▶ Your goal
For the material below, return exactly the lines starting at the one holding "count 12 spacing" and ending at the one holding "(39.116, 39, 3.937)", counting both as part of the range.

▶ Supplied material
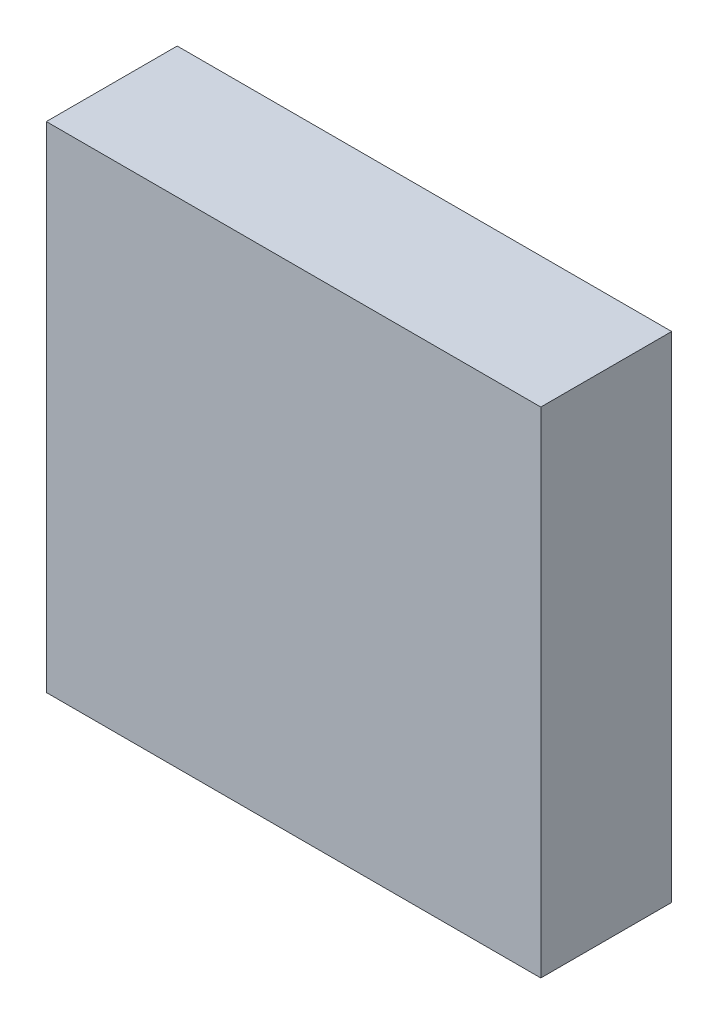
SolidWorks part; units mm, degrees
ref_plane "Front Plane" through (0, 0, 0) normal (0, 0, 1) x (1, 0, 0)
ref_plane "Top Plane" through (0, 0, 0) normal (0, 1, 0) x (1, 0, 0)
ref_plane "Right Plane" through (0, 0, 0) normal (1, 0, 0) x (0, 0, -1)
sketch "Sketch1" plane through (0, 0, 0) normal (0, 0, 1) x (1, 0, 0)
  line L1 (-7.5, -7.5) -> (7.5, -7.5)
  line L2 (-7.5, -7.5) -> (-7.5, 7.5)
  line L3 (-7.5, 7.5) -> (7.5, 7.5)
  line L4 (7.5, -7.5) -> (7.5, 7.5)
  line L5 (-7.5, -7.5) -> (7.5, 7.5) construction
  line L6 (-7.5, 7.5) -> (7.5, -7.5) construction
  point P0 (0, 0)
  dimension "D1" = 15
  dimension "D2" = 15
extrude "Boss-Extrude1" add sketch "Sketch1" along normal blind 3.97
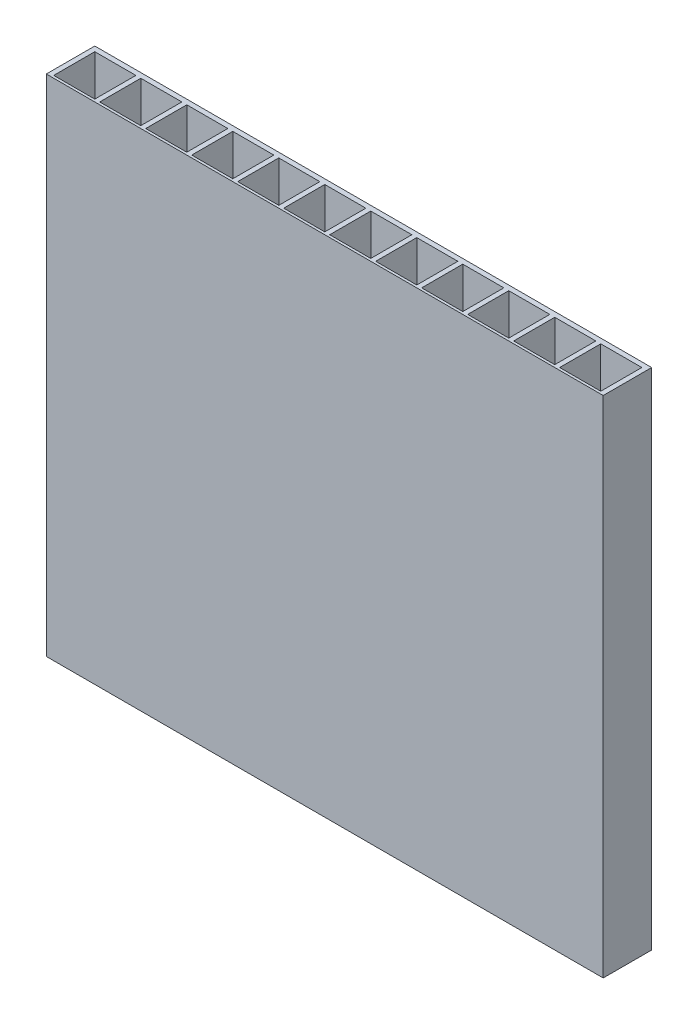
SolidWorks part; units mm, degrees
ref_plane "Front Plane" through (0, 0, 0) normal (0, 0, 1) x (1, 0, 0)
ref_plane "Top Plane" through (0, 0, 0) normal (0, 1, 0) x (1, 0, 0)
ref_plane "Right Plane" through (0, 0, 0) normal (1, 0, 0) x (0, 0, -1)
sketch "Sketch1" plane through (0, 0, 0) normal (0, 1, 0) x (1, 0, 0)
  line L1 (-3.175, -3.175) -> (3.175, -3.175)
  line L2 (-3.175, -3.175) -> (-3.175, 3.175)
  line L3 (-3.175, 3.175) -> (3.175, 3.175)
  line L4 (3.175, -3.175) -> (3.175, 3.175)
  line L5 (-3.175, -3.175) -> (3.175, 3.175) construction
  line L6 (-3.175, 3.175) -> (3.175, -3.175) construction
  line L7 (-3.937, -3.937) -> (3.937, -3.937)
  line L8 (-3.937, -3.937) -> (-3.937, 3.937)
  line L9 (-3.937, 3.937) -> (3.937, 3.937)
  line L10 (3.937, -3.937) -> (3.937, 3.937)
  line L11 (-3.937, -3.937) -> (3.937, 3.937) construction
  line L12 (-3.937, 3.937) -> (3.937, -3.937) construction
  point P0 (0, 0)
  point P6 (0, 0)
  dimension "D1" = 0.762
  dimension "D2" = 6.35
extrude "Boss-Extrude1" add sketch "Sketch1" along normal blind 78
pattern_linear "LPattern1" count 12 spacing 7.112 along (1, 0, 0) of "Boss-Extrude1"
sketch "Sketch3" plane through (0, 0, 0) normal (0, 0, 1) x (1, 0, 0)
  line L4 (82.169, 0) -> (82.169, 78)
  line L5 (82.169, 78) -> (-3.937, 78)
  line L6 (-3.937, 78) -> (-3.937, 0)
  line L7 (-3.937, 0) -> (82.169, 0)
  line L9 (82.169, 78) -> (-3.937, 78)
  line L10 (-3.937, 78) -> (-3.937, 0)
  line L11 (-3.937, 0) -> (82.169, 0)
  line L13 (82.169, 0) -> (82.169, 78)
  dimension "D1" = 0
extrude "Cut-Extrude1" cut sketch "Sketch3" against normal offset from surface (0.381 mm away) 0.381 from surface at 3.937 up to face at (0, 39, 3.175) starting at face at (39.116, 39, 3.937)
equation "\"column_diameter\"=0.25"
equation "\"D2@Sketch1\"=\"column_diameter\""
equation "\"wall_thickness\"= 0.03"
equation "\"D1@Sketch1\"=\"wall_thickness\""
equation "\"D3@LPattern1\"=\"column_diameter\"+\"wall_thickness\""
equation "\"thin_wall_thickness\"= 0.015"
equation "\"D1@Cut-Extrude1\"=\"thin_wall_thickness\""
equation "\"num_slots\"= 12"
equation "\"column_height\"= ( \"num_slots\" + 1 ) * 6mm"
equation "\"D1@Boss-Extrude1\"=\"column_height\""
equation "\"D1@LPattern1\"=\"num_slots\""

▶ Solved exercise
pattern_linear "LPattern1" count 12 spacing 7.112 along (1, 0, 0) of "Boss-Extrude1"
sketch "Sketch3" plane through (0, 0, 0) normal (0, 0, 1) x (1, 0, 0)
  line L4 (82.169, 0) -> (82.169, 78)
  line L5 (82.169, 78) -> (-3.937, 78)
  line L6 (-3.937, 78) -> (-3.937, 0)
  line L7 (-3.937, 0) -> (82.169, 0)
  line L9 (82.169, 78) -> (-3.937, 78)
  line L10 (-3.937, 78) -> (-3.937, 0)
  line L11 (-3.937, 0) -> (82.169, 0)
  line L13 (82.169, 0) -> (82.169, 78)
  dimension "D1" = 0
extrude "Cut-Extrude1" cut sketch "Sketch3" against normal offset from surface (0.381 mm away) 0.381 from surface at 3.937 up to face at (0, 39, 3.175) starting at face at (39.116, 39, 3.937)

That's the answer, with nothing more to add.